[Stored data entries]

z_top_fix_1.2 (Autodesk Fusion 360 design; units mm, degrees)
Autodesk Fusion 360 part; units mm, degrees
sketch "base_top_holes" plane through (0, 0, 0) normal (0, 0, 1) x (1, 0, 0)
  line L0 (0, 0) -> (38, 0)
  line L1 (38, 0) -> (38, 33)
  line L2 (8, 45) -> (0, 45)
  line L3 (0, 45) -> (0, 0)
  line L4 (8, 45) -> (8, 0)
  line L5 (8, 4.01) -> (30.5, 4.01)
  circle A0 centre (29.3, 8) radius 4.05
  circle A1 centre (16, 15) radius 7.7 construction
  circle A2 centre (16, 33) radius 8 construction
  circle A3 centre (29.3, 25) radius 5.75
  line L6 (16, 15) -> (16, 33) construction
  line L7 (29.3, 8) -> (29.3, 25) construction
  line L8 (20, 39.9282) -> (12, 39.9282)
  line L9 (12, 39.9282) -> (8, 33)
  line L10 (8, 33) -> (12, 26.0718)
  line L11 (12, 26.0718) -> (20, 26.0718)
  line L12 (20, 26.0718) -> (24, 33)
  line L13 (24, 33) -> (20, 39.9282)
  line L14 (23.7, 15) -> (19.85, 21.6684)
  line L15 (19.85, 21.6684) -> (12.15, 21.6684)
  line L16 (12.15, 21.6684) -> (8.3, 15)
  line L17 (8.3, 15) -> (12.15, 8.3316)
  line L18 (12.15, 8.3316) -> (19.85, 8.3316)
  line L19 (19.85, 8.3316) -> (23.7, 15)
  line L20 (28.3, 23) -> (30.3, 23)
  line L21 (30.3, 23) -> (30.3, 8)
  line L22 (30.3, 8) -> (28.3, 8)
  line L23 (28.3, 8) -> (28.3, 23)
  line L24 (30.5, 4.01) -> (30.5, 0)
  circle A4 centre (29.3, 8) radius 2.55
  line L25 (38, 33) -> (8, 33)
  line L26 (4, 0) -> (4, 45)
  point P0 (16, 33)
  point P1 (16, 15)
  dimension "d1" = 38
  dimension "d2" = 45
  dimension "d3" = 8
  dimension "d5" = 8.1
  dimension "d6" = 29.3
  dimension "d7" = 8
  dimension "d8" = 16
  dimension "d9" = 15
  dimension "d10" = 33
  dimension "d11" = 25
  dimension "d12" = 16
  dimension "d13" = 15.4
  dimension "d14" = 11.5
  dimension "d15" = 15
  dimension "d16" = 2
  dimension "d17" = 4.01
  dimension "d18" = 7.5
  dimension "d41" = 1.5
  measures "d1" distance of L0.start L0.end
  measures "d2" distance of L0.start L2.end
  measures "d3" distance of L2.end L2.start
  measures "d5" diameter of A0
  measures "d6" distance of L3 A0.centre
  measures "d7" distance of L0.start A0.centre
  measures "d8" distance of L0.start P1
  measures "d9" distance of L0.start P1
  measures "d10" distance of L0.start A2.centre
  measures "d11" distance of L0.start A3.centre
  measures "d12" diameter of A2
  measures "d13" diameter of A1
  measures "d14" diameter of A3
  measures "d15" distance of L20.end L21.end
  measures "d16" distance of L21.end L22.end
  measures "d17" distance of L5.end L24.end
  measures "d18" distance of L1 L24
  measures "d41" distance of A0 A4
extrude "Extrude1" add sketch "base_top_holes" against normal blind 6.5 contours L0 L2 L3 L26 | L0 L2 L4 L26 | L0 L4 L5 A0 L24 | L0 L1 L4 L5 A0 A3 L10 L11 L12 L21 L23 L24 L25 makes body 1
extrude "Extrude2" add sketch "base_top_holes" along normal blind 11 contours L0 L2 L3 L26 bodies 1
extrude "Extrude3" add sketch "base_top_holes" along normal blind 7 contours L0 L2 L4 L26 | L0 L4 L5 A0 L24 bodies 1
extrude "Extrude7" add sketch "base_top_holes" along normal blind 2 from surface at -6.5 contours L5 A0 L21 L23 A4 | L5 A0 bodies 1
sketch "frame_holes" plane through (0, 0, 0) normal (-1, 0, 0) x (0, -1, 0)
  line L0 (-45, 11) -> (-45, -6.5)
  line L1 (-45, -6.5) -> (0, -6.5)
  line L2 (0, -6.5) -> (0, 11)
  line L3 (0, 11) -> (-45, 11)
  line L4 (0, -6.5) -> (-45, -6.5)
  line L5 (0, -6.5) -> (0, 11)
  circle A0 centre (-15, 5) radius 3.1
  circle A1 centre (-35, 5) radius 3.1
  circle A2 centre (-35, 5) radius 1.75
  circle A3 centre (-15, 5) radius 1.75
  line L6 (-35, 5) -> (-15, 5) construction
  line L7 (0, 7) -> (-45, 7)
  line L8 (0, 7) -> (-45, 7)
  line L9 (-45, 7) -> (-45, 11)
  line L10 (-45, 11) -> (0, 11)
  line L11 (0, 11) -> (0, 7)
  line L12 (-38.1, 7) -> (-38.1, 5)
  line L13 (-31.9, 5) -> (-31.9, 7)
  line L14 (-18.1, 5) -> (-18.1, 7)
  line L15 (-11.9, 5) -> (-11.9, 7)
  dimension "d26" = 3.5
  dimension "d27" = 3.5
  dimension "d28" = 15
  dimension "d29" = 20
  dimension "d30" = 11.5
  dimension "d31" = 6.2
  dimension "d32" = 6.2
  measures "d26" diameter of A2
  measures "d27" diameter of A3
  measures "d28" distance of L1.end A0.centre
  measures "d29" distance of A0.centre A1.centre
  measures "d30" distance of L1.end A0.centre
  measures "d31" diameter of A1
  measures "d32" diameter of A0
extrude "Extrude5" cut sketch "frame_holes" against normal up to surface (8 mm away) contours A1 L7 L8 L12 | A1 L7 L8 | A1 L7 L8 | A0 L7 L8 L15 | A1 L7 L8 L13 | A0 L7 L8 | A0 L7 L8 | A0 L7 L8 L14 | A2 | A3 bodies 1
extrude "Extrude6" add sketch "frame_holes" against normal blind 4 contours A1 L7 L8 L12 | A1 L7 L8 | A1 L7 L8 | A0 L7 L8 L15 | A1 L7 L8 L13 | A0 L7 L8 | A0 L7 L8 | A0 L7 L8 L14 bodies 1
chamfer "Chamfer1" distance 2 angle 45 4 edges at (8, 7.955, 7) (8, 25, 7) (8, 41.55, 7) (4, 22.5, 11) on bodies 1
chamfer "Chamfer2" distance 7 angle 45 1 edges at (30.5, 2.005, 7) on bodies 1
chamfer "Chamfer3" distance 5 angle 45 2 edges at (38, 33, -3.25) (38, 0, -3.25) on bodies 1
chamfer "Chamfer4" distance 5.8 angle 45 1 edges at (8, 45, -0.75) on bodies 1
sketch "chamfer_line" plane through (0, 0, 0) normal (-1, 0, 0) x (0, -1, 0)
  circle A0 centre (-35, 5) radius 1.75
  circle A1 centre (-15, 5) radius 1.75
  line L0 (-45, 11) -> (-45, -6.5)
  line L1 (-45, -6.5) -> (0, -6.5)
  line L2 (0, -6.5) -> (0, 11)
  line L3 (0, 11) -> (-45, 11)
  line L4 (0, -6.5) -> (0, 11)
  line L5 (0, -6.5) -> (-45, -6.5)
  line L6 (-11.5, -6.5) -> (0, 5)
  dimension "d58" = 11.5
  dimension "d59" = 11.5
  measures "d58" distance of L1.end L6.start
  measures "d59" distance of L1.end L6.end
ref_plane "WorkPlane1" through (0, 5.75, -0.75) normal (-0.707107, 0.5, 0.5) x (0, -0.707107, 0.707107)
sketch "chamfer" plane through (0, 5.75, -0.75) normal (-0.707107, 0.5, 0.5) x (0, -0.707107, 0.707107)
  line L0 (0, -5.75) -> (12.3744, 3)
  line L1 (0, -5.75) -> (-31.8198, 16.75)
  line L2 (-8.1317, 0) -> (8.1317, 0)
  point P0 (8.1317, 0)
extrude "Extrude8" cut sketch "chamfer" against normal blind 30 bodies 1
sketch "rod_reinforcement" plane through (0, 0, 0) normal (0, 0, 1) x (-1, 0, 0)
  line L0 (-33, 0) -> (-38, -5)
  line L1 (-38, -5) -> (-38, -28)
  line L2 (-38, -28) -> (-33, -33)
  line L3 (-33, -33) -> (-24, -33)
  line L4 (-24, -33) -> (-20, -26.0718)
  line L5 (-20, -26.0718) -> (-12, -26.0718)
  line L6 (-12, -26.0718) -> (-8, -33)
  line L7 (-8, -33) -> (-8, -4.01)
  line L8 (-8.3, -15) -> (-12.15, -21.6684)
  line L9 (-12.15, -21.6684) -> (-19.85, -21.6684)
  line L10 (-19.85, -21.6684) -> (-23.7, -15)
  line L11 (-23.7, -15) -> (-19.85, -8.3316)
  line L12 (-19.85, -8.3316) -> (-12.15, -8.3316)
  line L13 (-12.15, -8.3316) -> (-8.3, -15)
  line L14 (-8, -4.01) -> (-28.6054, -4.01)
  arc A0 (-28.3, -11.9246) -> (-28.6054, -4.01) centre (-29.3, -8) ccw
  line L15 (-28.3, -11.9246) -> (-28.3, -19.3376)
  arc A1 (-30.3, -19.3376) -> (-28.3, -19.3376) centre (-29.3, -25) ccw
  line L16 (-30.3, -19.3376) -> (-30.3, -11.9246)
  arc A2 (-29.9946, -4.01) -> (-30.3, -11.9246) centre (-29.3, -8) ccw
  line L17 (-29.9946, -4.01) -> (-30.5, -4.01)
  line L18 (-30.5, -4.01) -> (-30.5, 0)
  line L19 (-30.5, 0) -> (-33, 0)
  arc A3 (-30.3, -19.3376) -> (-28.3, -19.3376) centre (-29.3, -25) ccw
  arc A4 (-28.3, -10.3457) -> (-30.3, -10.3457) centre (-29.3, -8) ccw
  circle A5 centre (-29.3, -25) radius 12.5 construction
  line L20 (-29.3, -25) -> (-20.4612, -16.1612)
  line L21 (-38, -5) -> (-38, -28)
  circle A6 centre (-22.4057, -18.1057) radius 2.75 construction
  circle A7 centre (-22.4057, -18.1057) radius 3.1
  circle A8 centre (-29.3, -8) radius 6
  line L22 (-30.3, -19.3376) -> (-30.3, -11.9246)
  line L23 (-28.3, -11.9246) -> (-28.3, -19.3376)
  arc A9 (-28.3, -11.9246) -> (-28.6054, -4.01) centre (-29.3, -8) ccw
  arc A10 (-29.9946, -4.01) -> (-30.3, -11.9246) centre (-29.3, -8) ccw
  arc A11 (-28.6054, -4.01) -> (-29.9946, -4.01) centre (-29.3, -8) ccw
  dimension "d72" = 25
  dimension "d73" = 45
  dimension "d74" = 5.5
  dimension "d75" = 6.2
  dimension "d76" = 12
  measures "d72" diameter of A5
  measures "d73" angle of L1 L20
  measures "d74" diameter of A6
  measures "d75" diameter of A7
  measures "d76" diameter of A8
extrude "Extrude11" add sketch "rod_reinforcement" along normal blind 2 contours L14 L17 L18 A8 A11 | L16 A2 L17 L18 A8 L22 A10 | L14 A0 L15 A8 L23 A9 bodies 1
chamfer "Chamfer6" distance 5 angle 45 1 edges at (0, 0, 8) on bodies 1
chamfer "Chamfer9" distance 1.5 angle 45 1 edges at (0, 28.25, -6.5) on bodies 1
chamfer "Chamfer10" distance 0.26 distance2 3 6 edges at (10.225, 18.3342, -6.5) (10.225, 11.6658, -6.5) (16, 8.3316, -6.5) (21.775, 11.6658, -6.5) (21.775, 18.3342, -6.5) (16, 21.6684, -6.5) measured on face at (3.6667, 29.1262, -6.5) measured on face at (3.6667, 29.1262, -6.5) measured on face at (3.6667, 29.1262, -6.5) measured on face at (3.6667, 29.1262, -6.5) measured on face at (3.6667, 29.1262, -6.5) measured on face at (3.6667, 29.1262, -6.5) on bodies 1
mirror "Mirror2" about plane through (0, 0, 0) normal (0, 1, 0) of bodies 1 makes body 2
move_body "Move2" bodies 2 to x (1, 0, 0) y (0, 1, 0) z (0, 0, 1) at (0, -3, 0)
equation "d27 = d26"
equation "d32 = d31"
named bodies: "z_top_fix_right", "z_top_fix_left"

Work instructions
Among the entries, how many lines include the word "along"? Answer with a single number and nothing further.

Response area
4